La Rai è ora a tutti gli effetti un’amministrazione pubblica. A valutarla in tale modo è stato l’Istituto italiano di statistica. Una statuizione derivata dai dettami di Eurostat, che ad agosto ha deciso di includere nel perimetro delle amministrazioni pubbliche anche le televisioni a controllo statale. Decisiva in tal senso è la mancata copertura dei costi di esercizio da parte di Viale Mazzini. Proventi derivanti da spot o vendita di programmi non bastano a coprire le spese. L’inserimento del canone Rai nella bolletta elettrica ha probabilmente avuto un ruolo rilevante nella presa di posizione dell’Europa. Ora la Rai rientra nel novero delle entità che possono contribuire a creare il deficit annuale e il debito strutturale dello Stato. La decisione dell’Istat ha scatenato il dibattito sull’identità giuridica della tv di Stato, che era stata disciplinata recentemente dalla legge 220/2015. Questo provvedimento stabilisce che la Rai, nonostante sia quasi totalmente sotto il controllo dello Stato, è assimilabile ad una società per azioni e pertanto è in regime concorrenziale con le altre aziende radiotelevisive private. Anche per questo motivo da Viale Mazzini attendono un aiuto da parte del Governo, che potrebbe prendere provvedimenti per modificare la decisione dell’istituto.

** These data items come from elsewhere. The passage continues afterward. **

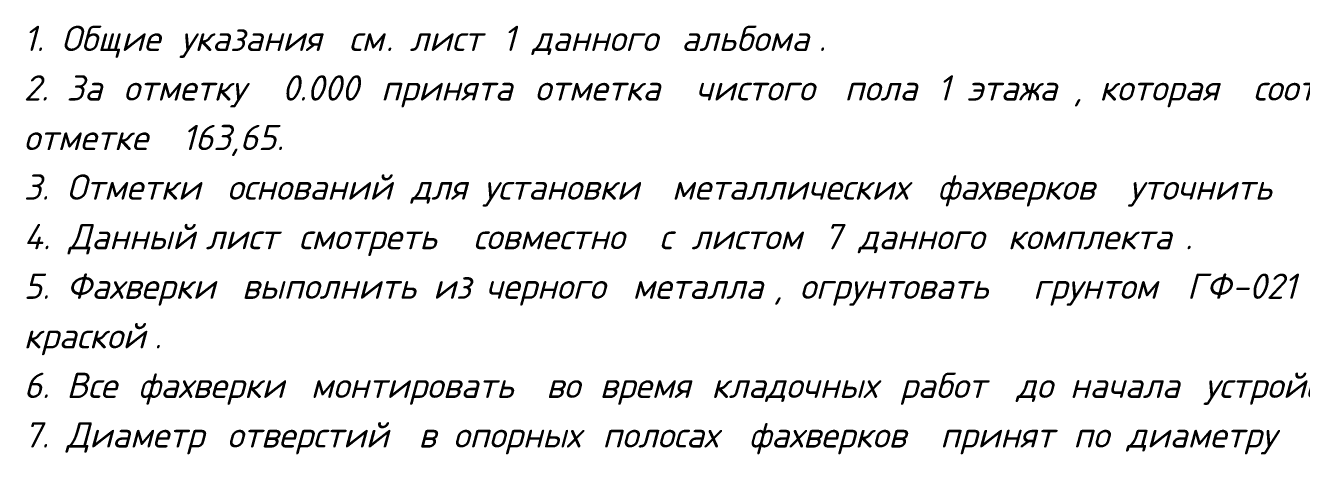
# Model space of a CAD drawing. Header units: millimetres. Extents: x 1525 to 46824, y -520 to 14115.
# Drawn here: x 1525 to 14143, y -427 to 3808 of the extents above; entities that cross this region are included whole.
import ezdxf

# ---------------------------------------------------------------- set-up
doc = ezdxf.new("R2010")
doc.units = ezdxf.units.MM
doc.layers.add('G-ANNO-TEXT', color=7, linetype='Continuous', lineweight=9)
doc.styles.add('ISOCPEUR_I', font='isocpeui.ttf', dxfattribs={"height": 250})

msp = doc.modelspace()

# ---------------------------------------------------------------- texts
at = {"layer": 'G-ANNO-TEXT', "char_height": 250, "attachment_point": 1, "style": 'ISOCPEUR_I'}
for s, insert, width in [('1. ', (1507.30664, 3806.7857), 448.945), ('Общие', (1877.72331, 3806.7857), 1234.59875), ('\\fISOCPEUR|b0|i1|c204|p34|; ', (2896.36914, 3806.7857), 192.405), ('\\fISOCPEUR|b0|i1|c204|p34|; ', (4563.24414, 3806.7857), 192.405), (' 1 ', (6084.59831, 3806.7857), 545.1475), ('\\fISOCPEUR|b0|i1|c204|p34|; ', (7850.69206, 3806.7857), 192.405), ('альбома', (8009.44206, 3806.7857), 1643.459375), ('указания', (3055.11914, 3806.7857), 1827.8475), ('см', (4721.99414, 3806.7857), 440.928125), ('лист', (5323.92122, 3806.7857), 921.940625), ('данного', (6534.38997, 3806.7857), 1595.358125), ('. ', (5085.79622, 3806.7857), 288.6075), ('\\fISOCPEUR|b0|i1|c204|p34|;.', (9365.43164, 3806.7857), 96.2025), ('2. ', (1507.30664, 3317.30653), 513.08), ('За', (1930.63997, 3317.30653), 489.029375), ('\\fISOCPEUR|b0|i1|c204|p34|; ', (2334.12956, 3317.30653), 192.405), (' 0.000 ', (3901.78581, 3317.30653), 1378.9025), ('\\fISOCPEUR|b0|i1|c204|p34|; ', (6402.09831, 3317.30653), 192.405), ('\\fISOCPEUR|b0|i1|c204|p34|; ', (7989.59831, 3317.30653), 192.405), ('\\fISOCPEUR|b0|i1|c204|p34|; ', (9464.65039, 3317.30653), 192.405), (' 1 ', (10384.07747, 3317.30653), 545.1475), ('\\fISOCPEUR|b0|i1|c204|p34|; ', (13506.16081, 3317.30653), 192.405), ('отметку', (2492.87956, 3317.30653), 1707.594375), ('принята', (5039.49414, 3317.30653), 1651.47625), ('отметка', (6560.84831, 3317.30653), 1731.645), ('чистого', (8148.34831, 3317.30653), 1595.358125), ('пола', (9623.40039, 3317.30653), 921.940625), ('этажа', (10833.86914, 3317.30653), 1282.7), ('которая', (12143.55664, 3317.30653), 1651.47625), ('соответствует', (13664.91081, 3317.30653), 3078.48), (', ', (11892.20247, 3317.30653), 304.64125), (' 163,65.', (2916.21289, 2827.82737), 1459.07125), ('отметке', (1507.30664, 2827.82737), 1707.594375), ('3. ', (1507.30664, 2338.3482), 513.08), ('Отметки', (1930.63997, 2338.3482), 1731.645), ('\\fISOCPEUR|b0|i1|c204|p34|; ', (3359.38997, 2338.3482), 192.405), ('оснований', (3518.13997, 2338.3482), 2012.235625), ('\\fISOCPEUR|b0|i1|c204|p34|; ', (5178.40039, 2338.3482), 192.405), ('\\fISOCPEUR|b0|i1|c204|p34|; ', (5892.77539, 2338.3482), 192.405), ('\\fISOCPEUR|b0|i1|c204|p34|; ', (7758.08789, 2338.3482), 192.405), ('\\fISOCPEUR|b0|i1|c204|p34|; ', (10384.07747, 2338.3482), 192.405), ('фахверков', (10542.82747, 2338.3482), 2100.42125), ('\\fISOCPEUR|b0|i1|c204|p34|; ', (12275.84831, 2338.3482), 192.405), ('\\fISOCPEUR|b0|i1|c204|p34|; ', (14008.86914, 2338.3482), 192.405), ('для', (5337.15039, 2338.3482), 673.4175), ('установки', (6051.52539, 2338.3482), 2068.35375), ('металлических', (7916.83789, 2338.3482), 2990.294375), ('уточнить', (12434.59831, 2338.3482), 1908.01625), ('4. ', (1507.30664, 1848.86903), 537.130625), ('Данный', (1950.48372, 1848.86903), 1451.054375), ('\\fISOCPEUR|b0|i1|c204|p34|; ', (3147.72331, 1848.86903), 192.405), ('лист', (3306.47331, 1848.86903), 921.940625), ('\\fISOCPEUR|b0|i1|c204|p34|; ', (4067.15039, 1848.86903), 192.405), ('смотреть', (4225.90039, 1848.86903), 1899.999375), ('\\fISOCPEUR|b0|i1|c204|p34|; ', (5793.55664, 1848.86903), 192.405), ('совместно', (5952.30664, 1848.86903), 2036.28625), ('\\fISOCPEUR|b0|i1|c204|p34|; ', (7632.41081, 1848.86903), 192.405), ('\\fISOCPEUR|b0|i1|c204|p34|;с', (7791.16081, 1848.86903), 192.405), ('\\fISOCPEUR|b0|i1|c204|p34|; ', (7949.91081, 1848.86903), 192.405), ('листом', (8108.66081, 1848.86903), 1394.93625), (' 7 ', (9259.59831, 1848.86903), 609.2825), ('данного', (9762.30664, 1848.86903), 1595.358125), ('\\fISOCPEUR|b0|i1|c204|p34|; ', (11078.60872, 1848.86903), 192.405), ('комплекта', (11237.35872, 1848.86903), 2124.471875), ('\\fISOCPEUR|b0|i1|c204|p34|;.', (12990.22331, 1848.86903), 96.2025), ('5. ', (1507.30664, 1359.38987), 513.08), ('Фахверки', (1930.63997, 1359.38987), 1908.01625), ('\\fISOCPEUR|b0|i1|c204|p34|; ', (3504.91081, 1359.38987), 192.405), ('выполнить', (3663.66081, 1359.38987), 2100.42125), ('\\fISOCPEUR|b0|i1|c204|p34|; ', (5396.68164, 1359.38987), 192.405), ('из', (5555.43164, 1359.38987), 432.91125), ('\\fISOCPEUR|b0|i1|c204|p34|; ', (5912.61914, 1359.38987), 192.405), ('черного', (6071.36914, 1359.38987), 1571.3075), ('\\fISOCPEUR|b0|i1|c204|p34|; ', (7367.82747, 1359.38987), 192.405), ('металла', (7526.57747, 1359.38987), 1699.5775), ('огрунтовать', (9180.22331, 1359.38987), 2605.484375), ('\\fISOCPEUR|b0|i1|c204|p34|; ', (11329.96289, 1359.38987), 192.405), ('грунтом', (11488.71289, 1359.38987), 1651.47625), ('\\fISOCPEUR|b0|i1|c204|p34|; ', (12851.31706, 1359.38987), 192.405), ('ГФ', (13010.06706, 1359.38987), 537.130625), ('-021 ', (13453.24414, 1359.38987), 1026.16), (', ', (8928.86914, 1359.38987), 304.64125), ('краской', (1507.30664, 869.9107), 1563.290625), ('\\fISOCPEUR|b0|i1|c204|p34|;.', (2797.15039, 869.9107), 96.2025), ('6. ', (1507.30664, 380.43153), 513.08), ('Все', (1930.63997, 380.43153), 665.400625), ('\\fISOCPEUR|b0|i1|c204|p34|; ', (2479.65039, 380.43153), 192.405), ('\\fISOCPEUR|b0|i1|c204|p34|; ', (4186.21289, 380.43153), 192.405), ('\\fISOCPEUR|b0|i1|c204|p34|; ', (6514.54622, 380.43153), 192.405), ('\\fISOCPEUR|b0|i1|c204|p34|; ', (7043.71289, 380.43153), 192.405), ('\\fISOCPEUR|b0|i1|c204|p34|; ', (8148.34831, 380.43153), 192.405), ('\\fISOCPEUR|b0|i1|c204|p34|; ', (10013.66081, 380.43153), 192.405), ('работ', (10172.41081, 380.43153), 1202.53125), ('\\fISOCPEUR|b0|i1|c204|p34|; ', (11164.59831, 380.43153), 192.405), ('\\fISOCPEUR|b0|i1|c204|p34|; ', (11693.76497, 380.43153), 192.405), ('\\fISOCPEUR|b0|i1|c204|p34|; ', (13023.29622, 380.43153), 192.405), ('устройства', (13182.04622, 380.43153), 2316.876875), ('фахверки', (2638.40039, 380.43153), 1875.94875), ('монтировать', (4344.96289, 380.43153), 2629.535), ('во', (6673.29622, 380.43153), 448.945), ('время', (7202.46289, 380.43153), 1146.413125), ('кладочных', (8307.09831, 380.43153), 2068.35375), ('до', (11323.34831, 380.43153), 448.945), ('начала', (11852.51497, 380.43153), 1418.986875), ('7. ', (1507.30664, -109.04763), 513.08), ('Диаметр', (1930.63997, -109.04763), 1731.645), ('\\fISOCPEUR|b0|i1|c204|p34|; ', (3359.38997, -109.04763), 192.405), ('отверстий', (3518.13997, -109.04763), 2100.42125), ('\\fISOCPEUR|b0|i1|c204|p34|; ', (5251.16081, -109.04763), 192.405), ('\\fISOCPEUR|b0|i1|c204|p34|; ', (5595.11914, -109.04763), 192.405), ('\\fISOCPEUR|b0|i1|c204|p34|; ', (7070.17122, -109.04763), 192.405), ('\\fISOCPEUR|b0|i1|c204|p34|; ', (8518.76497, -109.04763), 192.405), ('фахверков', (8677.51497, -109.04763), 2100.42125), ('\\fISOCPEUR|b0|i1|c204|p34|; ', (10410.53581, -109.04763), 192.405), ('\\fISOCPEUR|b0|i1|c204|p34|; ', (11726.83789, -109.04763), 192.405), ('\\fISOCPEUR|b0|i1|c204|p34|; ', (12256.00456, -109.04763), 192.405), ('\\fISOCPEUR|b0|i1|c204|p34|; ', (13982.41081, -109.04763), 192.405), ('\\fISOCPEUR|b0|i1|c204|p34|;в', (5409.91081, -109.04763), 224.4725), ('опорных', (5753.86914, -109.04763), 1595.358125), ('полосах', (7228.92122, -109.04763), 1563.290625), ('принят', (10569.28581, -109.04763), 1402.953125), ('по', (11885.58789, -109.04763), 448.945), ('диаметру', (12414.75456, -109.04763), 1899.999375)]:
    msp.add_mtext(s, dxfattribs=dict(at, insert=insert, width=width))

doc.saveas('drawing.dxf')

L’appartenenza alle amministrazioni pubbliche può essere un limite per la tv di Stato, che sotto diversi aspetti rischia di essere imbrigliata nelle maglie della burocrazia. L’art.3 della legge 220/15 concede diverse deroghe alla Rai in materia di contratti pubblici. La tv di Stato non è perciò tenuta a seguire la disciplina dettata dal dlgs 163/2006, il cosiddetto codice dei contratti pubblici. La pronuncia dell’Istat potrebbe porre fine alle corsie preferenziali per assunzioni, appalti e vendite di opere audiovisive. Altro nodo è il rapporto con la Consip, l’ente che sovrintende agli acquisti della PA. Una qualifica della Rai come amministrazione pubblica costringerebbe la tv pubblica a rallentare l’iter di acquisto di beni funzionali al servizio pubblico.
Nelle ultime ore il Cda della Rai ha espresso forte preoccupazione per la decisione dell’Istat. La presidente Monica Maggioni ha dato piena libertà d’azione all’ad Antonio Campo Dall’Orto, che ha tre mesi per compiere le azioni utili a modificare una situazione ritenuta dannosa per l’azienda. La Maggioni ha chiesto anche l’intervento della Commissione di Vigilanza per scongiurare il rischio della mancanza di operatività di Viale Mazzini. La tv pubblica ricorrerà alla Corte dei Conti, probabilmente con il sostegno dell’Ebu, l’organismo europeo che raggruppa i principali servizi pubblici radiotelevisivi. Un appoggio dovuto al comune interesse per le valutazioni dell’Europa, che in passato ha già equiparato tv pubbliche di paesi in grave deficit finanziario a beni statali. Il caso più eclatante è quello della tv greca Ert, chiusa nel 2013 per ridurre i costi della Pubblica Amministrazione.